• [The task]:
Reproduce, with no changes, the line that contains "#204=CARTESIAN_POINT('',(-15.,0.,2.));" and all the lines that come after it in the records.

□ □ □

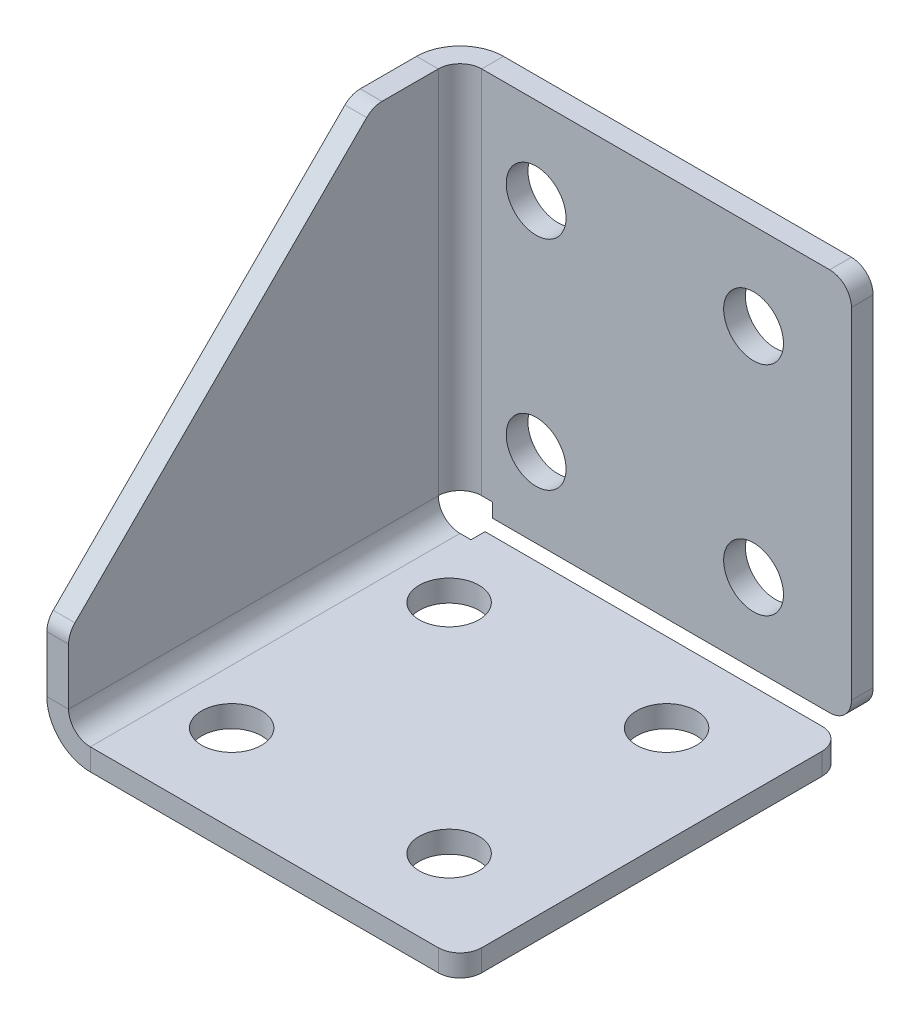
ISO-10303-21;
HEADER;
FILE_DESCRIPTION(('STEP AP214'),'2;1');
FILE_NAME('part.step','',(''),(''),'','','');
FILE_SCHEMA(('AUTOMOTIVE_DESIGN { 1 0 10303 214 1 1 1 1 }'));
ENDSEC;
DATA;
#1=APPLICATION_CONTEXT('core data for automotive mechanical design processes');
#2=APPLICATION_PROTOCOL_DEFINITION('international standard','automotive_design',2000,#1);
#3=PRODUCT_CONTEXT('',#1,'mechanical');
#4=PRODUCT('Part','Part','',(#3));
#5=PRODUCT_RELATED_PRODUCT_CATEGORY('part','',(#4));
#6=PRODUCT_DEFINITION_FORMATION('','',#4);
#7=PRODUCT_DEFINITION_CONTEXT('part definition',#1,'design');
#8=PRODUCT_DEFINITION('design','',#6,#7);
#9=PRODUCT_DEFINITION_SHAPE('','',#8);
#10=(LENGTH_UNIT() NAMED_UNIT(*) SI_UNIT(.MILLI.,.METRE.));
#11=(NAMED_UNIT(*) PLANE_ANGLE_UNIT() SI_UNIT($,.RADIAN.));
#12=(NAMED_UNIT(*) SI_UNIT($,.STERADIAN.) SOLID_ANGLE_UNIT());
#13=UNCERTAINTY_MEASURE_WITH_UNIT(LENGTH_MEASURE(1.E-05),#10,'distance_accuracy_value','');
#14=(GEOMETRIC_REPRESENTATION_CONTEXT(3) GLOBAL_UNCERTAINTY_ASSIGNED_CONTEXT((#13)) GLOBAL_UNIT_ASSIGNED_CONTEXT((#10,
#11,#12)) REPRESENTATION_CONTEXT('',''));
#15=CARTESIAN_POINT('',(0.,0.,0.));
#16=DIRECTION('',(0.,0.,1.));
#17=DIRECTION('',(1.,0.,0.));
#18=AXIS2_PLACEMENT_3D('',#15,#16,#17);
#19=CARTESIAN_POINT('',(-19.,2.,38.));
#20=DIRECTION('',(0.,-1.,0.));
#21=DIRECTION('',(0.,0.,-1.));
#22=AXIS2_PLACEMENT_3D('',#19,#20,#21);
#23=PLANE('',#22);
#24=CARTESIAN_POINT('',(-10.,2.,10.));
#25=DIRECTION('',(0.,1.,0.));
#26=DIRECTION('',(0.,0.,1.));
#27=AXIS2_PLACEMENT_3D('',#24,#25,#26);
#28=CIRCLE('',#27,2.74999999999999);
#29=CARTESIAN_POINT('',(-10.,2.,12.75));
#30=VERTEX_POINT('',#29);
#31=EDGE_CURVE('E645',#30,#30,#28,.T.);
#32=ORIENTED_EDGE('',*,*,#31,.F.);
#33=EDGE_LOOP('',(#32));
#34=FACE_BOUND('',#33,.T.);
#35=CARTESIAN_POINT('',(10.,2.,30.));
#36=DIRECTION('',(0.,1.,0.));
#37=DIRECTION('',(0.,0.,1.));
#38=AXIS2_PLACEMENT_3D('',#35,#36,#37);
#39=CIRCLE('',#38,2.74999999999999);
#40=CARTESIAN_POINT('',(10.,2.,32.75));
#41=VERTEX_POINT('',#40);
#42=EDGE_CURVE('E637',#41,#41,#39,.T.);
#43=ORIENTED_EDGE('',*,*,#42,.F.);
#44=EDGE_LOOP('',(#43));
#45=FACE_BOUND('',#44,.T.);
#46=CARTESIAN_POINT('',(10.,2.,10.));
#47=DIRECTION('',(0.,1.,0.));
#48=DIRECTION('',(0.,0.,1.));
#49=AXIS2_PLACEMENT_3D('',#46,#47,#48);
#50=CIRCLE('',#49,2.74999999999999);
#51=CARTESIAN_POINT('',(10.,2.,12.75));
#52=VERTEX_POINT('',#51);
#53=EDGE_CURVE('E621',#52,#52,#50,.T.);
#54=ORIENTED_EDGE('',*,*,#53,.F.);
#55=EDGE_LOOP('',(#54));
#56=FACE_BOUND('',#55,.T.);
#57=DIRECTION('',(0.,0.,-1.));
#58=VECTOR('',#57,1.);
#59=CARTESIAN_POINT('',(19.,2.,38.));
#60=LINE('',#59,#58);
#61=CARTESIAN_POINT('',(19.,2.,36.));
#62=VERTEX_POINT('',#61);
#63=CARTESIAN_POINT('',(19.,2.,4.70710678118655));
#64=VERTEX_POINT('',#63);
#65=EDGE_CURVE('E349',#62,#64,#60,.T.);
#66=ORIENTED_EDGE('',*,*,#65,.T.);
#67=CARTESIAN_POINT('',(17.,2.,4.70710678118655));
#68=DIRECTION('',(0.,-1.,0.));
#69=DIRECTION('',(0.,0.,-1.));
#70=AXIS2_PLACEMENT_3D('',#67,#68,#69);
#71=CIRCLE('',#70,2.);
#72=CARTESIAN_POINT('',(17.,2.,2.70710678118655));
#73=VERTEX_POINT('',#72);
#74=EDGE_CURVE('E440',#64,#73,#71,.F.);
#75=ORIENTED_EDGE('',*,*,#74,.T.);
#76=DIRECTION('',(1.,0.,0.));
#77=VECTOR('',#76,1.);
#78=CARTESIAN_POINT('',(-19.,2.,2.70710678118655));
#79=LINE('',#78,#77);
#80=CARTESIAN_POINT('',(-13.989599,2.,2.70710678118655));
#81=VERTEX_POINT('',#80);
#82=EDGE_CURVE('E317',#81,#73,#79,.T.);
#83=ORIENTED_EDGE('',*,*,#82,.F.);
#84=DIRECTION('',(0.,0.,-1.));
#85=VECTOR('',#84,1.);
#86=CARTESIAN_POINT('',(-13.989599,2.,38.));
#87=LINE('',#86,#85);
#88=CARTESIAN_POINT('',(-13.989599,2.,3.99999999999997));
#89=VERTEX_POINT('',#88);
#90=EDGE_CURVE('E209',#89,#81,#87,.T.);
#91=ORIENTED_EDGE('',*,*,#90,.F.);
#92=DIRECTION('',(1.,0.,0.));
#93=VECTOR('',#92,1.);
#94=CARTESIAN_POINT('',(-19.,2.,3.99999999999997));
#95=LINE('',#94,#93);
#96=CARTESIAN_POINT('',(-15.,2.,3.99999999999997));
#97=VERTEX_POINT('',#96);
#98=EDGE_CURVE('E313',#89,#97,#95,.F.);
#99=ORIENTED_EDGE('',*,*,#98,.T.);
#100=DIRECTION('',(0.,0.,-1.));
#101=VECTOR('',#100,1.);
#102=CARTESIAN_POINT('',(-15.,2.,38.));
#103=LINE('',#102,#101);
#104=CARTESIAN_POINT('',(-15.,2.,38.));
#105=VERTEX_POINT('',#104);
#106=EDGE_CURVE('E299',#105,#97,#103,.T.);
#107=ORIENTED_EDGE('',*,*,#106,.F.);
#108=DIRECTION('',(1.,0.,0.));
#109=VECTOR('',#108,1.);
#110=CARTESIAN_POINT('',(-19.,2.,38.));
#111=LINE('',#110,#109);
#112=CARTESIAN_POINT('',(17.,2.,38.));
#113=VERTEX_POINT('',#112);
#114=EDGE_CURVE('E341',#105,#113,#111,.T.);
#115=ORIENTED_EDGE('',*,*,#114,.T.);
#116=CARTESIAN_POINT('',(17.,2.,36.));
#117=DIRECTION('',(0.,-1.,0.));
#118=DIRECTION('',(0.,0.,-1.));
#119=AXIS2_PLACEMENT_3D('',#116,#117,#118);
#120=CIRCLE('',#119,2.);
#121=EDGE_CURVE('E437',#113,#62,#120,.F.);
#122=ORIENTED_EDGE('',*,*,#121,.T.);
#123=EDGE_LOOP('',(#66,#75,#83,#91,#99,#107,#115,#122));
#124=FACE_BOUND('',#123,.T.);
#125=CARTESIAN_POINT('',(-10.,2.,30.));
#126=DIRECTION('',(0.,1.,0.));
#127=DIRECTION('',(0.,0.,1.));
#128=AXIS2_PLACEMENT_3D('',#125,#126,#127);
#129=CIRCLE('',#128,2.74999999999999);
#130=CARTESIAN_POINT('',(-10.,2.,32.75));
#131=VERTEX_POINT('',#130);
#132=EDGE_CURVE('E629',#131,#131,#129,.T.);
#133=ORIENTED_EDGE('',*,*,#132,.F.);
#134=EDGE_LOOP('',(#133));
#135=FACE_BOUND('',#134,.T.);
#136=ADVANCED_FACE('F46',(#34,#45,#56,#124,#135),#23,.F.);
#137=CARTESIAN_POINT('',(-19.,0.,2.));
#138=DIRECTION('',(0.,0.,-1.));
#139=DIRECTION('',(-1.,0.,0.));
#140=AXIS2_PLACEMENT_3D('',#137,#138,#139);
#141=PLANE('',#140);
#142=CARTESIAN_POINT('',(-10.,10.,2.));
#143=DIRECTION('',(0.,0.,1.));
#144=DIRECTION('',(1.,0.,0.));
#145=AXIS2_PLACEMENT_3D('',#142,#143,#144);
#146=CIRCLE('',#145,2.75);
#147=CARTESIAN_POINT('',(-7.25,10.,2.));
#148=VERTEX_POINT('',#147);
#149=EDGE_CURVE('E613',#148,#148,#146,.T.);
#150=ORIENTED_EDGE('',*,*,#149,.F.);
#151=EDGE_LOOP('',(#150));
#152=FACE_BOUND('',#151,.T.);
#153=CARTESIAN_POINT('',(10.,30.,2.));
#154=DIRECTION('',(0.,0.,1.));
#155=DIRECTION('',(1.,0.,0.));
#156=AXIS2_PLACEMENT_3D('',#153,#154,#155);
#157=CIRCLE('',#156,2.75);
#158=CARTESIAN_POINT('',(12.75,30.,2.));
#159=VERTEX_POINT('',#158);
#160=EDGE_CURVE('E605',#159,#159,#157,.T.);
#161=ORIENTED_EDGE('',*,*,#160,.F.);
#162=EDGE_LOOP('',(#161));
#163=FACE_BOUND('',#162,.T.);
#164=CARTESIAN_POINT('',(10.,10.,2.));
#165=DIRECTION('',(0.,0.,1.));
#166=DIRECTION('',(1.,0.,0.));
#167=AXIS2_PLACEMENT_3D('',#164,#165,#166);
#168=CIRCLE('',#167,2.75);
#169=CARTESIAN_POINT('',(12.75,10.,2.));
#170=VERTEX_POINT('',#169);
#171=EDGE_CURVE('E589',#170,#170,#168,.T.);
#172=ORIENTED_EDGE('',*,*,#171,.F.);
#173=EDGE_LOOP('',(#172));
#174=FACE_BOUND('',#173,.T.);
#175=DIRECTION('',(0.,1.,0.));
#176=VECTOR('',#175,1.);
#177=CARTESIAN_POINT('',(19.,0.,2.));
#178=LINE('',#177,#176);
#179=CARTESIAN_POINT('',(19.,4.70710678118655,2.));
#180=VERTEX_POINT('',#179);
#181=CARTESIAN_POINT('',(19.,36.,2.));
#182=VERTEX_POINT('',#181);
#183=EDGE_CURVE('E318',#180,#182,#178,.T.);
#184=ORIENTED_EDGE('',*,*,#183,.T.);
#185=CARTESIAN_POINT('',(17.,36.,2.));
#186=DIRECTION('',(0.,0.,-1.));
#187=DIRECTION('',(-1.,0.,0.));
#188=AXIS2_PLACEMENT_3D('',#185,#186,#187);
#189=CIRCLE('',#188,2.);
#190=CARTESIAN_POINT('',(17.,38.,2.));
#191=VERTEX_POINT('',#190);
#192=EDGE_CURVE('E416',#182,#191,#189,.F.);
#193=ORIENTED_EDGE('',*,*,#192,.T.);
#194=DIRECTION('',(-1.,0.,0.));
#195=VECTOR('',#194,1.);
#196=CARTESIAN_POINT('',(-19.,38.,2.));
#197=LINE('',#196,#195);
#198=CARTESIAN_POINT('',(-15.,38.,2.));
#199=VERTEX_POINT('',#198);
#200=EDGE_CURVE('E322',#199,#191,#197,.F.);
#201=ORIENTED_EDGE('',*,*,#200,.F.);
#202=DIRECTION('',(0.,1.,0.));
#203=VECTOR('',#202,1.);
#204=CARTESIAN_POINT('',(-15.,0.,2.));
#205=LINE('',#204,#203);
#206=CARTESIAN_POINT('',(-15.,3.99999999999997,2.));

□ □ □

• [Your solution]:
#204=CARTESIAN_POINT('',(-15.,0.,2.));
#205=LINE('',#204,#203);
#206=CARTESIAN_POINT('',(-15.,3.99999999999997,2.));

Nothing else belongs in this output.